51. Two citations were brought against the present application. The first of these - D1 - is a United States patent application by the inventors of the present invention. It discloses a life insurance scheme which also pays a benefit at the time the insured life retires. As a disclosure of the mere existence of life insurance plans it does not appear to have any great bearing on the situation at hand, since it is beyond question that life insurance schemes as such are common general knowledge. Of perhaps greater bearing is that it also points to the fact that it is common general knowledge to include non-standard benefits in insurance plans in order to enhance their marketability.
52. The second citation – D2 – on the face of it is the more telling, since it explicitly refers to insurance of a parent. However, this is in the context of a financial planning method whose purpose is to enable parents (presumably) to finance the college education of offspring. It is quite complex, and because it leans heavily on idiosyncrasies of US tax law and peculiarly American loan facilities such as Fannie Mae it is somewhat impenetrable. Although it seems that any life insurance benefits would effectively pass to the offspring who the financial plan was established to benefit, it diverges from the insurance plan of the present invention in that the beneficiary is not themselves an insured life (although there is reference to the possibility that the plan could incorporate other life insurance policies, but without being more specific).

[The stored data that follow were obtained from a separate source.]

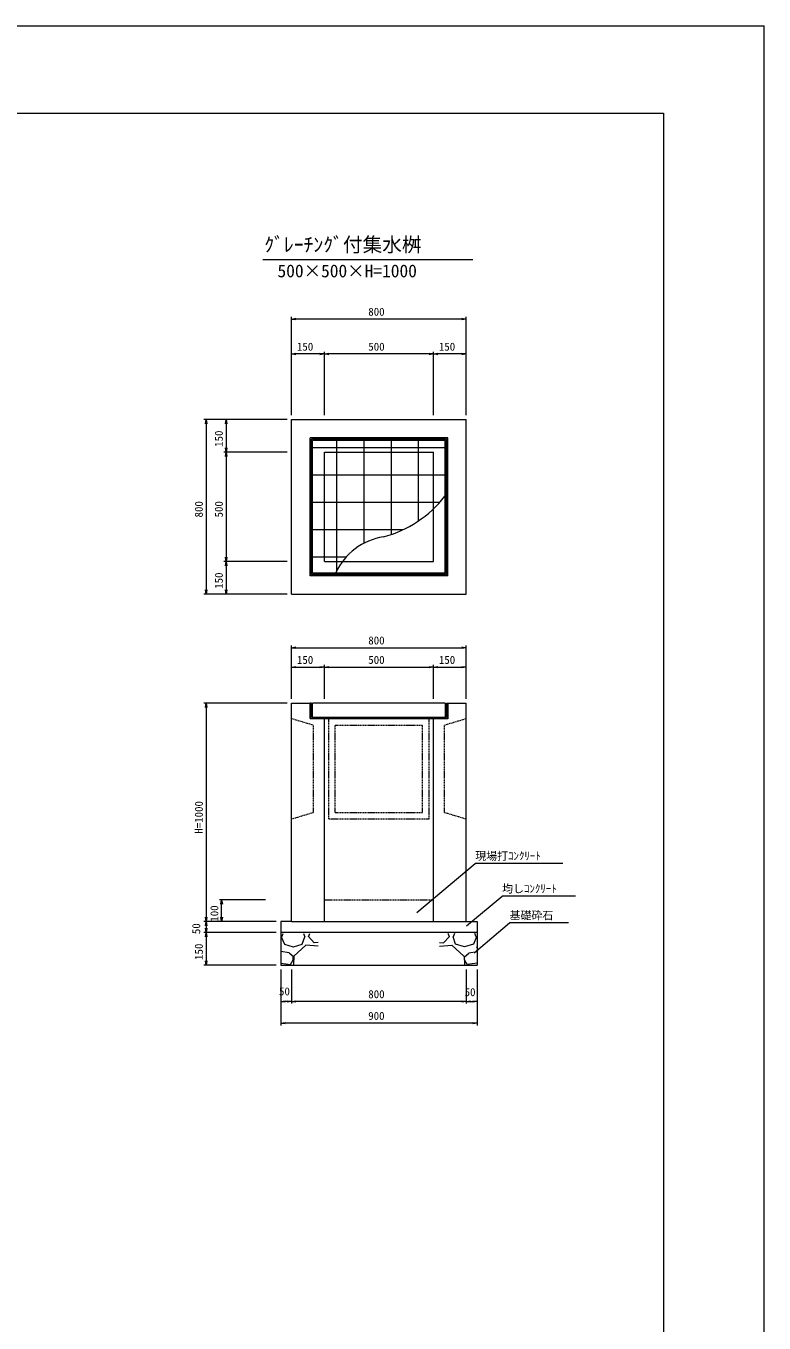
# Model space of a CAD drawing. Units: millimetres on the paper. Extents: x 0 to 841, y 0 to 594.
# Drawn here: x 672 to 841, y 297 to 594 of the extents above; entities that cross this region are included whole.
import ezdxf
from ezdxf.enums import TextEntityAlignment as Align

# ---------------------------------------------------------------- set-up
doc = ezdxf.new("R2010")
doc.units = ezdxf.units.MM
doc.linetypes.add('USER1', pattern=[0.375, 0.25, -0.125])
for name, color, linetype, lineweight in [('D-STR-DIM（寸法）', 7, 'Continuous', 18), ('D-STR-HTXT（旗揚げ）', 7, 'Continuous', 18), ('D-STR-STR1（構造物）', 4, 'Continuous', 18), ('D-STR-STRn（構造物）', 7, 'Continuous', 18), ('D-STR（構造物外形線）', 1, 'Continuous', 18), ('D-TTL(外枠）', 2, 'Continuous', 18), ('DEFPOINTS_2', 8, 'Continuous', 18)]:
    doc.layers.add(name, color=color, linetype=linetype, lineweight=lineweight)
doc.layers.add('D-STR-TXT（文字）', color=7, linetype='Continuous')
doc.layers.add('D-TTL-TXT（文字）', color=7, linetype='Continuous')
doc.styles.add('ＭＳ ゴシック', font='')
doc.styles.get('ＭＳ ゴシック').set_extended_font_data('MS Gothic')

msp = doc.modelspace()

# ---------------------------------------------------------------- linework, layer by layer
at = {"layer": 'D-STR-DIM（寸法）'}
for p, q in [((732.823, 504.898), (732.823, 527.398)), ((732.823, 526.898), (733.823, 527.064)), ((733.823, 526.731), (732.823, 526.898)), ((732.823, 526.898), (733.823, 526.898)), ((771.823, 526.898), (733.823, 526.898)), ((771.823, 527.064), (772.823, 526.898)), ((772.823, 526.898), (771.823, 526.731)), ((772.823, 526.898), (771.823, 526.898)), ((772.823, 504.898), (772.823, 527.398)), ((732.823, 504.898), (732.823, 519.398)), ((732.823, 518.898), (733.823, 519.064)), ((733.823, 518.731), (732.823, 518.898)), ((732.823, 518.898), (733.823, 518.898)), ((739.323, 518.898), (733.823, 518.898)), ((739.323, 519.064), (740.323, 518.898)), ((740.323, 518.898), (739.323, 518.731)), ((740.323, 518.898), (739.323, 518.898)), ((740.323, 504.898), (740.323, 519.398)), ((740.323, 504.898), (740.323, 519.398)), ((740.323, 518.898), (741.323, 519.064)), ((741.323, 518.731), (740.323, 518.898)), ((740.323, 518.898), (741.323, 518.898)), ((764.323, 518.898), (741.323, 518.898)), ((764.323, 519.064), (765.323, 518.898)), ((765.323, 518.898), (764.323, 518.731)), ((765.323, 518.898), (764.323, 518.898)), ((765.323, 504.898), (765.323, 519.398)), ((765.323, 504.898), (765.323, 519.398)), ((765.323, 518.898), (766.323, 519.064)), ((766.323, 518.731), (765.323, 518.898)), ((765.323, 518.898), (766.323, 518.898)), ((771.823, 518.898), (766.323, 518.898)), ((771.823, 519.064), (772.823, 518.898)), ((772.823, 518.898), (771.823, 518.731)), ((772.823, 518.898), (771.823, 518.898)), ((772.823, 504.898), (772.823, 519.398)), ((731.823, 503.898), (712.749, 503.898)), ((713.082, 502.898), (713.249, 503.898)), ((713.249, 503.898), (713.415, 502.898)), ((713.249, 503.898), (713.249, 502.898)), ((713.249, 502.898), (713.249, 464.898)), ((731.823, 503.898), (717.323, 503.898)), ((717.656, 502.898), (717.823, 503.898)), ((717.823, 503.898), (717.989, 502.898)), ((717.823, 503.898), (717.823, 502.898)), ((717.823, 502.898), (717.823, 497.398)), ((731.823, 496.398), (717.323, 496.398)), ((731.823, 496.398), (717.323, 496.398)), ((717.823, 496.398), (717.656, 497.398)), ((717.656, 495.398), (717.823, 496.398)), ((717.989, 497.398), (717.823, 496.398)), ((717.823, 496.398), (717.823, 497.398)), ((717.823, 496.398), (717.989, 495.398)), ((717.823, 496.398), (717.823, 495.398)), ((717.823, 495.398), (717.823, 472.398)), ((717.823, 471.398), (717.656, 472.398)), ((717.989, 472.398), (717.823, 471.398)), ((717.823, 471.398), (717.823, 472.398)), ((731.823, 471.398), (717.323, 471.398)), ((731.823, 471.398), (717.323, 471.398)), ((717.656, 470.398), (717.823, 471.398)), ((717.823, 471.398), (717.989, 470.398)), ((717.823, 471.398), (717.823, 470.398)), ((717.823, 470.398), (717.823, 464.898)), ((731.823, 463.898), (712.749, 463.898)), ((713.249, 463.898), (713.082, 464.898)), ((713.415, 464.898), (713.249, 463.898)), ((713.249, 463.898), (713.249, 464.898)), ((731.823, 463.898), (717.323, 463.898)), ((717.823, 463.898), (717.656, 464.898)), ((717.989, 464.898), (717.823, 463.898)), ((717.823, 463.898), (717.823, 464.898)), ((732.823, 439.928), (732.823, 452.137)), ((732.823, 451.637), (733.823, 451.803)), ((733.823, 451.47), (732.823, 451.637)), ((732.823, 451.637), (733.823, 451.637)), ((733.823, 451.637), (771.823, 451.637)), ((771.823, 451.803), (772.823, 451.637)), ((772.823, 451.637), (771.823, 451.47)), ((772.823, 451.637), (771.823, 451.637)), ((772.823, 439.928), (772.823, 452.137)), ((732.823, 439.928), (732.823, 447.678)), ((732.823, 447.178), (733.823, 447.344)), ((733.823, 447.011), (732.823, 447.178)), ((732.823, 447.178), (733.823, 447.178)), ((733.823, 447.178), (739.323, 447.178)), ((739.323, 447.344), (740.323, 447.178)), ((740.323, 447.178), (739.323, 447.011)), ((740.323, 447.178), (739.323, 447.178)), ((740.323, 439.928), (740.323, 447.678)), ((740.323, 439.928), (740.323, 447.678)), ((740.323, 447.178), (741.323, 447.344)), ((741.323, 447.011), (740.323, 447.178)), ((740.323, 447.178), (741.323, 447.178)), ((741.323, 447.178), (764.323, 447.178)), ((764.323, 447.344), (765.323, 447.178)), ((765.323, 447.178), (764.323, 447.011)), ((765.323, 447.178), (764.323, 447.178)), ((765.323, 439.928), (765.323, 447.678)), ((765.323, 439.928), (765.323, 447.678)), ((765.323, 447.178), (766.323, 447.344)), ((766.323, 447.011), (765.323, 447.178)), ((765.323, 447.178), (766.323, 447.178)), ((766.323, 447.178), (771.823, 447.178)), ((771.823, 447.344), (772.823, 447.178)), ((772.823, 447.178), (771.823, 447.011)), ((772.823, 447.178), (771.823, 447.178)), ((772.823, 439.928), (772.823, 447.678)), ((731.823, 438.928), (712.749, 438.928)), ((713.082, 437.928), (713.249, 438.928)), ((713.249, 438.928), (713.415, 437.928)), ((713.249, 438.928), (713.249, 437.928)), ((713.249, 437.928), (713.249, 389.928)), ((726.823, 393.928), (716.304, 393.928)), ((716.637, 392.928), (716.804, 393.928)), ((716.804, 393.928), (716.97, 392.928)), ((716.804, 393.928), (716.804, 392.928)), ((716.804, 389.928), (716.804, 392.928)), ((713.249, 388.928), (713.082, 389.928)), ((713.415, 389.928), (713.249, 388.928)), ((713.249, 388.928), (713.249, 389.928)), ((716.804, 388.928), (716.637, 389.928)), ((716.97, 389.928), (716.804, 388.928)), ((716.804, 388.928), (716.804, 389.928)), ((729.323, 388.928), (712.749, 388.928)), ((726.823, 388.928), (712.749, 388.928)), ((729.323, 386.428), (712.749, 386.428)), ((729.323, 386.428), (712.749, 386.428)), ((713.082, 387.928), (713.249, 388.928)), ((713.249, 386.428), (713.082, 387.428)), ((713.082, 385.428), (713.249, 386.428)), ((713.249, 388.928), (713.415, 387.928)), ((713.249, 388.928), (713.249, 387.928)), ((713.249, 387.928), (713.249, 387.428)), ((713.415, 387.428), (713.249, 386.428)), ((713.249, 386.428), (713.249, 387.428)), ((713.249, 386.428), (713.415, 385.428)), ((713.249, 386.428), (713.249, 385.428)), ((729.323, 388.928), (716.304, 388.928)), ((713.249, 385.428), (713.249, 379.928)), ((729.323, 378.928), (712.749, 378.928)), ((713.249, 378.928), (713.082, 379.928)), ((713.415, 379.928), (713.249, 378.928)), ((713.249, 378.928), (713.249, 379.928)), ((730.323, 377.928), (730.323, 365.167)), ((730.323, 377.928), (730.323, 370.135)), ((732.823, 377.928), (732.823, 370.135)), ((732.823, 377.928), (732.823, 370.135)), ((772.823, 377.928), (772.823, 370.135)), ((772.823, 377.928), (772.823, 370.135)), ((775.323, 377.928), (775.323, 370.135)), ((775.323, 377.928), (775.323, 365.167)), ((730.323, 370.635), (731.323, 370.801)), ((731.323, 370.468), (730.323, 370.635)), ((730.323, 370.635), (731.323, 370.635)), ((731.823, 370.635), (731.323, 370.635)), ((731.823, 370.801), (732.823, 370.635)), ((732.823, 370.635), (731.823, 370.468)), ((732.823, 370.635), (731.823, 370.635)), ((732.823, 370.635), (733.823, 370.801)), ((733.823, 370.468), (732.823, 370.635)), ((732.823, 370.635), (733.823, 370.635)), ((771.823, 370.635), (733.823, 370.635)), ((771.823, 370.801), (772.823, 370.635)), ((772.823, 370.635), (771.823, 370.468)), ((772.823, 370.635), (771.823, 370.635)), ((772.823, 370.635), (773.823, 370.801)), ((773.823, 370.468), (772.823, 370.635)), ((772.823, 370.635), (773.823, 370.635)), ((773.823, 370.635), (774.323, 370.635)), ((774.323, 370.801), (775.323, 370.635)), ((775.323, 370.635), (774.323, 370.468)), ((775.323, 370.635), (774.323, 370.635)), ((730.323, 365.667), (731.323, 365.833)), ((731.323, 365.5), (730.323, 365.667)), ((730.323, 365.667), (731.323, 365.667)), ((774.323, 365.667), (731.323, 365.667)), ((774.323, 365.833), (775.323, 365.667)), ((775.323, 365.667), (774.323, 365.5)), ((775.323, 365.667), (774.323, 365.667))]:
    msp.add_line(p, q, dxfattribs=at)
at = {"layer": 'D-STR-HTXT（旗揚げ）'}
for p, q in [((726.22, 540.543), (774.329, 540.543)), ((761.472, 391.006), (774.876, 402.242)), ((794.911, 402.242), (774.876, 402.242)), ((772.904, 387.929), (781.028, 394.739)), ((797.795, 394.739), (781.028, 394.739)), ((774.607, 381.802), (782.73, 388.612)), ((796.204, 388.612), (782.73, 388.612))]:
    msp.add_line(p, q, dxfattribs=at)
at = {"layer": 'D-STR-STR1（構造物）'}
for p, q in [((737.048, 468.123), (737.048, 499.673)), ((768.598, 499.673), (737.048, 499.673)), ((768.298, 499.373), (737.348, 499.373)), ((737.348, 468.423), (737.348, 499.373)), ((767.998, 499.073), (737.648, 499.073)), ((737.648, 468.723), (737.648, 499.073)), ((743.168, 496.398), (743.168, 498.998)), ((749.418, 496.398), (749.418, 498.998)), ((755.668, 496.398), (755.668, 498.998)), ((761.918, 496.398), (761.918, 498.998)), ((767.998, 468.723), (767.998, 499.073)), ((768.298, 468.423), (768.298, 499.373)), ((768.598, 468.123), (768.598, 499.673)), ((767.923, 497.378), (737.723, 497.378)), ((743.168, 471.398), (743.168, 496.398)), ((749.418, 475.557), (749.418, 496.398)), ((755.668, 477.561), (755.668, 496.398)), ((761.918, 480.692), (761.918, 496.398)), ((740.323, 491.128), (737.723, 491.128)), ((765.323, 491.128), (740.323, 491.128)), ((767.923, 491.128), (765.323, 491.128)), ((740.323, 484.878), (737.723, 484.878)), ((765.323, 484.878), (740.323, 484.878)), ((766.713, 484.878), (765.323, 484.878)), ((740.323, 478.628), (737.723, 478.628)), ((758.296, 478.628), (740.323, 478.628)), ((740.323, 472.378), (737.723, 472.378)), ((745.311, 472.378), (740.323, 472.378)), ((743.168, 469.242), (743.168, 471.398)), ((768.598, 468.123), (737.048, 468.123)), ((768.298, 468.423), (737.348, 468.423)), ((767.998, 468.723), (737.648, 468.723)), ((737.048, 438.928), (737.048, 435.378)), ((737.348, 438.928), (737.048, 438.928)), ((737.048, 435.528), (737.048, 438.928)), ((737.348, 435.828), (737.348, 438.928)), ((767.998, 438.928), (737.648, 438.928)), ((737.648, 435.678), (737.648, 438.928)), ((767.998, 438.928), (767.998, 435.678)), ((768.298, 438.928), (768.598, 438.928)), ((768.298, 435.828), (768.298, 438.928)), ((768.598, 438.928), (768.598, 435.378)), ((768.598, 435.528), (768.598, 438.928)), ((768.598, 435.378), (737.048, 435.378)), ((768.148, 435.678), (737.498, 435.678)), ((737.648, 435.678), (737.648, 436.178)), ((737.998, 435.678), (737.648, 435.678))]:
    msp.add_line(p, q, dxfattribs=at)
at = {"layer": 'D-STR-STR1（構造物）', "color": 7, "linetype": 'USER1'}
msp.add_line((740.323, 393.928), (765.323, 393.928), dxfattribs=at)
at = {"layer": 'D-STR-STR1（構造物）'}
for centre, radius, start, end in [((747.053, 502.563), 26.444, 284.87436, 322.11183), ((756.067, 462.726), 14.451, 98.86108, 155.15503), ((737.498, 435.828), 0.15, 180, 270), ((768.148, 435.828), 0.15, 270, 0)]:
    msp.add_arc(centre, radius, start, end, dxfattribs=at)
at = {"layer": 'D-STR-STRn（構造物）'}
for p, q in [((732.823, 388.928), (730.323, 388.928)), ((732.823, 388.928), (730.323, 388.928)), ((730.323, 388.928), (730.323, 378.928)), ((775.323, 386.428), (730.323, 386.428)), ((730.587, 385.466), (730.904, 386.205)), ((735.518, 386.205), (735.86, 385.464)), ((736.697, 385.461), (736.976, 386.205)), ((768.948, 385.461), (768.669, 386.205)), ((770.127, 386.205), (769.785, 385.464)), ((772.823, 388.928), (775.323, 388.928)), ((772.823, 388.928), (775.323, 388.928)), ((772.823, 388.928), (775.323, 388.928)), ((775.058, 385.466), (774.741, 386.205)), ((775.323, 388.928), (775.323, 378.928)), ((730.456, 385.464), (731.176, 383.784)), ((731.168, 383.772), (733.208, 383.173)), ((733.23, 383.172), (735.27, 383.772)), ((736.109, 383.545), (733.349, 381.025)), ((735.263, 383.775), (735.863, 385.455)), ((738.941, 383.289), (736.101, 383.525)), ((738.018, 384.043), (736.698, 385.483)), ((738.941, 384.119), (738.004, 384.037)), ((766.704, 384.119), (767.641, 384.037)), ((766.704, 383.289), (769.544, 383.525)), ((767.627, 384.043), (768.947, 385.483)), ((769.536, 383.545), (772.296, 381.025)), ((770.383, 383.775), (769.783, 385.455)), ((772.415, 383.172), (770.375, 383.772)), ((774.477, 383.772), (772.437, 383.173)), ((775.189, 385.464), (774.469, 383.784)), ((730.46, 383.063), (730.323, 383.109)), ((730.323, 382.992), (730.446, 383.066)), ((732.274, 381.753), (730.323, 382.046)), ((733.231, 380.889), (732.271, 381.729)), ((732.603, 379.099), (733.203, 380.179)), ((733.218, 380.184), (733.218, 380.904)), ((733.341, 381.02), (733.245, 379.005)), ((772.304, 381.02), (772.4, 379.005)), ((772.414, 380.889), (773.374, 381.729)), ((772.427, 380.184), (772.427, 380.904)), ((773.042, 379.099), (772.442, 380.179)), ((773.371, 381.753), (775.323, 382.046)), ((775.185, 383.063), (775.323, 383.109)), ((775.323, 382.992), (775.199, 383.066)), ((730.323, 379.374), (732.622, 379.099)), ((730.323, 378.928), (775.323, 378.928)), ((775.323, 379.374), (773.023, 379.099))]:
    msp.add_line(p, q, dxfattribs=at)
at = {"layer": 'D-STR（構造物外形線）'}
for p, q in [((732.823, 503.898), (772.823, 503.898)), ((732.823, 463.898), (732.823, 503.898)), ((772.823, 463.898), (772.823, 503.898)), ((740.323, 496.398), (765.323, 496.398)), ((740.323, 471.398), (740.323, 496.398)), ((765.323, 471.398), (765.323, 496.398)), ((740.323, 471.398), (765.323, 471.398)), ((732.823, 463.898), (772.823, 463.898)), ((732.823, 388.928), (732.823, 438.928)), ((732.823, 438.928), (737.048, 438.928)), ((768.598, 438.928), (772.823, 438.928)), ((772.823, 388.928), (772.823, 438.928)), ((740.323, 388.928), (740.323, 435.378)), ((765.323, 388.928), (765.323, 435.378)), ((732.823, 388.928), (772.823, 388.928))]:
    msp.add_line(p, q, dxfattribs=at)
at = {"layer": 'D-STR（構造物外形線）', "linetype": 'USER1'}
for p, q in [((732.823, 435.428), (737.823, 433.928)), ((737.823, 413.928), (737.823, 433.928)), ((741.323, 412.428), (741.323, 435.428)), ((741.323, 435.428), (764.323, 435.428)), ((742.823, 413.928), (742.823, 433.928)), ((742.823, 433.928), (762.823, 433.928)), ((762.823, 413.928), (762.823, 433.928)), ((764.323, 412.428), (764.323, 435.428)), ((767.823, 433.928), (772.823, 435.428)), ((767.823, 413.928), (767.823, 433.928)), ((732.823, 412.428), (737.823, 413.928)), ((742.823, 413.928), (762.823, 413.928)), ((767.823, 413.928), (772.823, 412.428)), ((741.323, 412.428), (764.323, 412.428))]:
    msp.add_line(p, q, dxfattribs=at)
at = {"layer": 'D-TTL(外枠）'}
for p, q in [((23, 574), (818, 574)), ((818, 574), (818, 20))]:
    msp.add_line(p, q, dxfattribs=at)
at = {"layer": 'DEFPOINTS_2'}
for p in [(0, 594), (841, 0)]:
    msp.add_line(p, (841, 594), dxfattribs=at)

# ---------------------------------------------------------------- texts
at = {"layer": 'D-STR-DIM（寸法）', "style": 'ＭＳ ゴシック'}
for s, p in [('800', (750.38, 527.098)), ('150', (734.041, 519.098)), ('500', (750.38, 519.098)), ('150', (766.541, 519.098)), ('800', (750.38, 451.837)), ('150', (734.041, 447.378)), ('500', (750.38, 447.378)), ('150', (766.541, 447.378)), ('50', (729.942, 371.472)), ('800', (750.38, 370.835)), ('50', (772.442, 371.302)), ('900', (750.367, 365.867))]:
    msp.add_text(s, height=1.833, dxfattribs=at).set_placement(p, align=Align.BOTTOM_LEFT)
for s, p in [('150', (717.623, 497.616)), ('800', (713.049, 481.455)), ('500', (717.623, 481.455)), ('150', (717.623, 465.116)), ('H=1000', (713.049, 409.042)), ('100', (716.604, 388.896)), ('50', (712.449, 386.047)), ('150', (713.049, 380.146))]:
    msp.add_text(s, height=1.833, rotation=90, dxfattribs=at).set_placement(p, align=Align.BOTTOM_LEFT)
at = {"layer": 'D-STR-TXT（文字）', "style": 'ＭＳ ゴシック'}
for s, p in [('現場打ｺﾝｸﾘｰﾄ', (774.876, 402.494)), ('均しｺﾝｸﾘｰﾄ', (781.028, 394.991)), ('基礎砕石', (782.73, 388.864))]:
    msp.add_text(s, height=1.833, dxfattribs=at).set_placement(p, align=Align.BOTTOM_LEFT)
at = {"layer": 'D-TTL-TXT（文字）', "style": 'ＭＳ ゴシック'}
for s, height, p in [('ｸﾞﾚｰﾁﾝｸﾞ付集水桝', 3.299, (726.57, 541.287)), ('500×500×H=1000', 2.933, (729.592, 535.564))]:
    msp.add_text(s, height=height, dxfattribs=at).set_placement(p, align=Align.BOTTOM_LEFT)

doc.saveas('drawing.dxf')

53. I think that it is an irrefutable fact that it is possible to insure any item or event against any eventuality, provided, of course, that the risk lends itself to actuarial calculation. Furthermore it is commonplace to take out life insurance on oneself and on close relatives generally, and obviously parents fall within that latter category of persons even if it is not actually commonplace to insure them. It is also well known to insure different entities (“house and contents” insurance comes immediately to mind) or events under the one policy. Given this common general knowledge, it would seem that, based on common general knowledge alone, there is no inventive step in exercising an obvious choice in who is included in an insurance plan, and parents of an insured life constitute one such an obvious choice, even if the commercial imperatives in any given case for such a choice are not present.
54. Using an alternative approach, expressed in terms of the requirements of section 7(3)(a) of the Patents Act, D2 constitutes a single item of prior art information which more probably than not could be reasonably expected to have been ascertained, understood and regarded as relevant given that it is a patent document having the same subject matter as the present invention. It is a disclosure of the concept of insuring ones parents. When D2 is read in light of the common general knowledge of personal life insurance as such and the possibilities and advantages of combined coverage of different entities, the present invention would seem obvious and consequently to not involve an inventive step. This also holds for the appended claims as well as the independent claims, because the appended claims simply stipulate various types of insured events to be covered by the insurance plan, all of which are common general knowledge in the art.
Conclusion
55. I have found that there are lawful grounds for objection to the present patent application. In particular I find the claims are not directed to a manner of manufacture and do not involve an inventive step.
56. Furthermore, I consider that no patentable subject matter is disclosed in the specification such that a further opportunity for the applicant to propose amendments would not serve any useful purpose.
57. Consequently, pursuant to subsection 49(2) of the Act, I refuse the application.